→ **About this task**
Below this line is the material. Write out only its lines from the one containing "line L2 (50, -30) -> (50, 0)" through the one containing "18 contours L4", both kept, exactly.

→ **Source data**
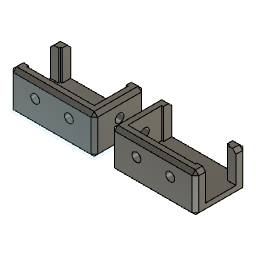
Footv2.5 (Autodesk Fusion 360 design; units mm, degrees)
part number: FootR
part number: FootL
Autodesk Fusion 360 part; units mm, degrees
sketch "Sketch1" plane through (0, 0, 0) normal (0, 0, 1) x (1, 0, 0) in component "FootR"
  line L0 (5, 5) -> (55, 5)
  line L1 (55, 5) -> (55, 35)
  line L2 (55, 35) -> (5, 35)
  line L3 (5, 35) -> (5, 5)
  dimension "d1" = 50
  dimension "d2" = 30
  constraint horizontal L0
  constraint vertical L1
  constraint horizontal L2
  constraint vertical L3
  measures "d1" distance of L0.start L0.end
  measures "d2" distance of L0.start L2.end
extrude "Extrude1" add sketch "Sketch1" along normal blind 23 makes body 1 in component "FootR"
move_body "Move1" bodies 1 to x (1, 0, 0) y (0, 1, 0) z (0, 0, 1) at (3.5577, -2.3008, 1.4706) in component "FootR"
sketch "Sketch1 (2)" plane through (0, 0, 0) normal (0, 0, -1) x (1, 0, 0)
  line L0 (0, 0) -> (0, -30)
  line L1 (0, -30) -> (50, -30)
  line L2 (50, -30) -> (50, 0)
  line L3 (50, 0) -> (0, 0)
sketch "Sketch2" plane through (0, 0, 23) normal (0, 0, 1) x (-1, 0, 0)
  line L0 (0, -30) -> (0, 0)
  line L1 (0, 0) -> (-50, 0)
  line L2 (-50, 0) -> (-50, -30)
  line L3 (-50, -30) -> (0, -30)
  line L4 (-5, -25) -> (-45, -25)
  line L5 (-45, -25) -> (-45, -5)
  line L6 (-45, -5) -> (-5, -5)
  line L7 (-5, -5) -> (-5, -25)
  dimension "d5" = 40
  dimension "d6" = 20
  dimension "d7" = 5
  dimension "d8" = 5
  constraint horizontal L4
  constraint vertical L5
  constraint horizontal L6
  constraint vertical L7
  measures "d5" distance of L4.start L4.end
  measures "d6" distance of L4.start L6.end
  measures "d7" distance of L3 L4
  measures "d8" distance of L2 L5
extrude "Extrude2" cut sketch "Sketch2" against normal blind 18 contours L4 L5 L6 L7 sketch seen with x (1, 0, 0) y (0, 1, 0) z (0, 0, 1) at (8.5577, 2.6992, 1.4706) bodies 1 in component "FootR"
chamfer "Chamfer1" distance 2 angle 45 4 faces at (25.2244, 2.6992, 9.1373) (58.5577, 12.6992, 16.804) (41.8911, 32.6992, 9.1373) (8.5577, 22.6992, 9.1373) on bodies 1 in component "FootR"
sketch "Sketch3" plane through (0, 0, 23) normal (0, 0, 1) x (-1, 0, 0)
  line L0 (-45, -25) -> (-45, -5)
  line L1 (-45, -5) -> (-5, -5)
  line L2 (-5, -5) -> (-5, -25)
  line L3 (-5, -25) -> (-45, -25)
  line L4 (-2, -2) -> (-48, -2)
  line L5 (-48, -2) -> (-48, -28)
  line L6 (-48, -28) -> (-2, -28)
  line L7 (-2, -28) -> (-2, -2)
  line L8 (-6, -25) -> (-44, -25)
  line L9 (-44, -25) -> (-44, -30)
  line L10 (-44, -30) -> (-6, -30)
  line L11 (-6, -30) -> (-6, -25)
  line L12 (-50, -30) -> (-50, 0)
  dimension "d12" = 5
  dimension "d13" = 38
  dimension "d14" = 6
  constraint horizontal L8
  constraint vertical L9
  constraint horizontal L10
  constraint vertical L11
  constraint coincident L3 L8.start
  measures "d12" distance of L8.start L10.end
  measures "d13" distance of L9.end L10.end
  measures "d14" distance of L9 L12
extrude "Extrude3" cut sketch "Sketch3" against normal blind 18 contours L3 L6 L8 L9 L11 | L6 L9 L10 L11 sketch seen with x (1, 0, 0) y (0, 1, 0) z (0, 0, 1) at (8.5577, 2.6992, 1.4706) bodies 1 in component "FootR"
sketch "Sketch4" plane through (0, 0, 23) normal (0, 0, 1) x (-1, 0, 0)
  line L0 (-6, -25) -> (-6, -28)
  line L1 (-6, -28) -> (-2, -28)
  line L2 (-2, -28) -> (-2, -2)
  line L3 (-2, -2) -> (-48, -2)
  line L4 (-48, -2) -> (-48, -28)
  line L5 (-48, -28) -> (-44, -28)
  line L6 (-44, -28) -> (-44, -25)
  line L7 (-44, -25) -> (-45, -25)
  line L8 (-45, -25) -> (-45, -5)
  line L9 (-45, -5) -> (-5, -5)
  line L10 (-5, -5) -> (-5, -25)
  line L11 (-5, -25) -> (-6, -25)
  line L12 (-5, -24) -> (0, -24)
  line L13 (0, -24) -> (0, -6)
  line L14 (0, -6) -> (-5, -6)
  line L15 (-5, -6) -> (-5, -24)
  line L16 (-50, 0) -> (0, 0)
  dimension "d17" = 5
  dimension "d18" = 6
  dimension "d19" = 18
  constraint horizontal L12
  constraint vertical L13
  constraint horizontal L14
  constraint vertical L15
  constraint coincident L10 L12.start
  measures "d17" distance of L13 L15
  measures "d18" distance of L14 L16
  measures "d19" distance of L12 L14
extrude "Extrude4" cut sketch "Sketch4" against normal blind 18 contours L2 L10 L12 L14 L15 | L2 L12 L13 L14 sketch seen with x (1, 0, 0) y (0, 1, 0) z (0, 0, 1) at (8.5577, 2.6992, 1.4706) bodies 1 in component "FootR"
sketch "Sketch5" plane through (45, 0, 0) normal (-1, 0, 0) x (0, -1, 0)
  line L0 (-5, 23) -> (-25, 23)
  line L1 (-25, 23) -> (-25, 5)
  line L2 (-25, 5) -> (-5, 5)
  line L3 (-5, 5) -> (-5, 23)
  circle A0 centre (-15, 14) radius 2.6
  dimension "d22" = 5.2
  dimension "d23" = 10
  dimension "d24" = 9
  measures "d22" diameter of A0
  measures "d23" distance of L1 A0.centre
  measures "d24" distance of L2 A0.centre
extrude "Extrude5" cut sketch "Sketch5" against normal blind 5 contours A0 sketch seen with x (1, 0, 0) y (0, 1, 0) z (0, 0, 1) at (8.5577, 2.6992, 1.4706) bodies 1 in component "FootR"
sketch "Sketch6" plane through (0, 5, 0) normal (0, 1, 0) x (-1, 0, 0)
  line L0 (-5, 23) -> (-45, 23)
  line L1 (-45, 23) -> (-45, 5)
  line L2 (-45, 5) -> (-5, 5)
  line L3 (-5, 5) -> (-5, 23)
  circle A0 centre (-35, 14) radius 2.6
  circle A1 centre (-15, 14) radius 2.6
  dimension "d27" = 5.2
  dimension "d28" = 10
  dimension "d29" = 9
  dimension "d30" = 5.2
  dimension "d31" = 10
  dimension "d32" = 9
  measures "d27" diameter of A0
  measures "d28" distance of L1 A0.centre
  measures "d29" distance of L2 A0.centre
  measures "d30" diameter of A1
  measures "d31" distance of L3 A1.centre
  measures "d32" distance of L2 A1.centre
extrude "Extrude6" cut sketch "Sketch6" against normal blind 5 contours A0 | A1 sketch seen with x (1, 0, 0) y (0, 1, 0) z (0, 0, 1) at (8.5577, 2.6992, 1.4706) bodies 1 in component "FootR"
mirror "MirrorComponent1" about plane through (0, 0, 0) normal (0, 0, 1) of bodies 1 makes body 2 in component "FootL"
sketch "Sketch7" plane through (0, 0, 0) normal (0, -1, 0) x (1, 0, 0)
  circle A0 centre (35, 14) radius 2.6
  circle A1 centre (15, 14) radius 2.6
  line L0 (2, 2) -> (48, 2)
  line L1 (48, 2) -> (48, 21)
  line L2 (48, 21) -> (2, 21)
  line L3 (2, 21) -> (2, 2)
component "FootR" placed x (1, 0, 0) y (0, 1, 0) z (0, 0, 1) at (-8.5577, -2.6992, -1.4706)
component "FootL" placed x (-1, 0, 0) y (0, 1, 0) z (0, 0, -1) at (108.5577, -2.6992, -1.4706)

→ **Task result**
  line L2 (50, -30) -> (50, 0)
  line L3 (50, 0) -> (0, 0)
sketch "Sketch2" plane through (0, 0, 23) normal (0, 0, 1) x (-1, 0, 0)
  line L0 (0, -30) -> (0, 0)
  line L1 (0, 0) -> (-50, 0)
  line L2 (-50, 0) -> (-50, -30)
  line L3 (-50, -30) -> (0, -30)
  line L4 (-5, -25) -> (-45, -25)
  line L5 (-45, -25) -> (-45, -5)
  line L6 (-45, -5) -> (-5, -5)
  line L7 (-5, -5) -> (-5, -25)
  dimension "d5" = 40
  dimension "d6" = 20
  dimension "d7" = 5
  dimension "d8" = 5
  constraint horizontal L4
  constraint vertical L5
  constraint horizontal L6
  constraint vertical L7
  measures "d5" distance of L4.start L4.end
  measures "d6" distance of L4.start L6.end
  measures "d7" distance of L3 L4
  measures "d8" distance of L2 L5
extrude "Extrude2" cut sketch "Sketch2" against normal blind 18 contours L4 L5 L6 L7 sketch seen with x (1, 0, 0) y (0, 1, 0) z (0, 0, 1) at (8.5577, 2.6992, 1.4706) bodies 1 in component "FootR"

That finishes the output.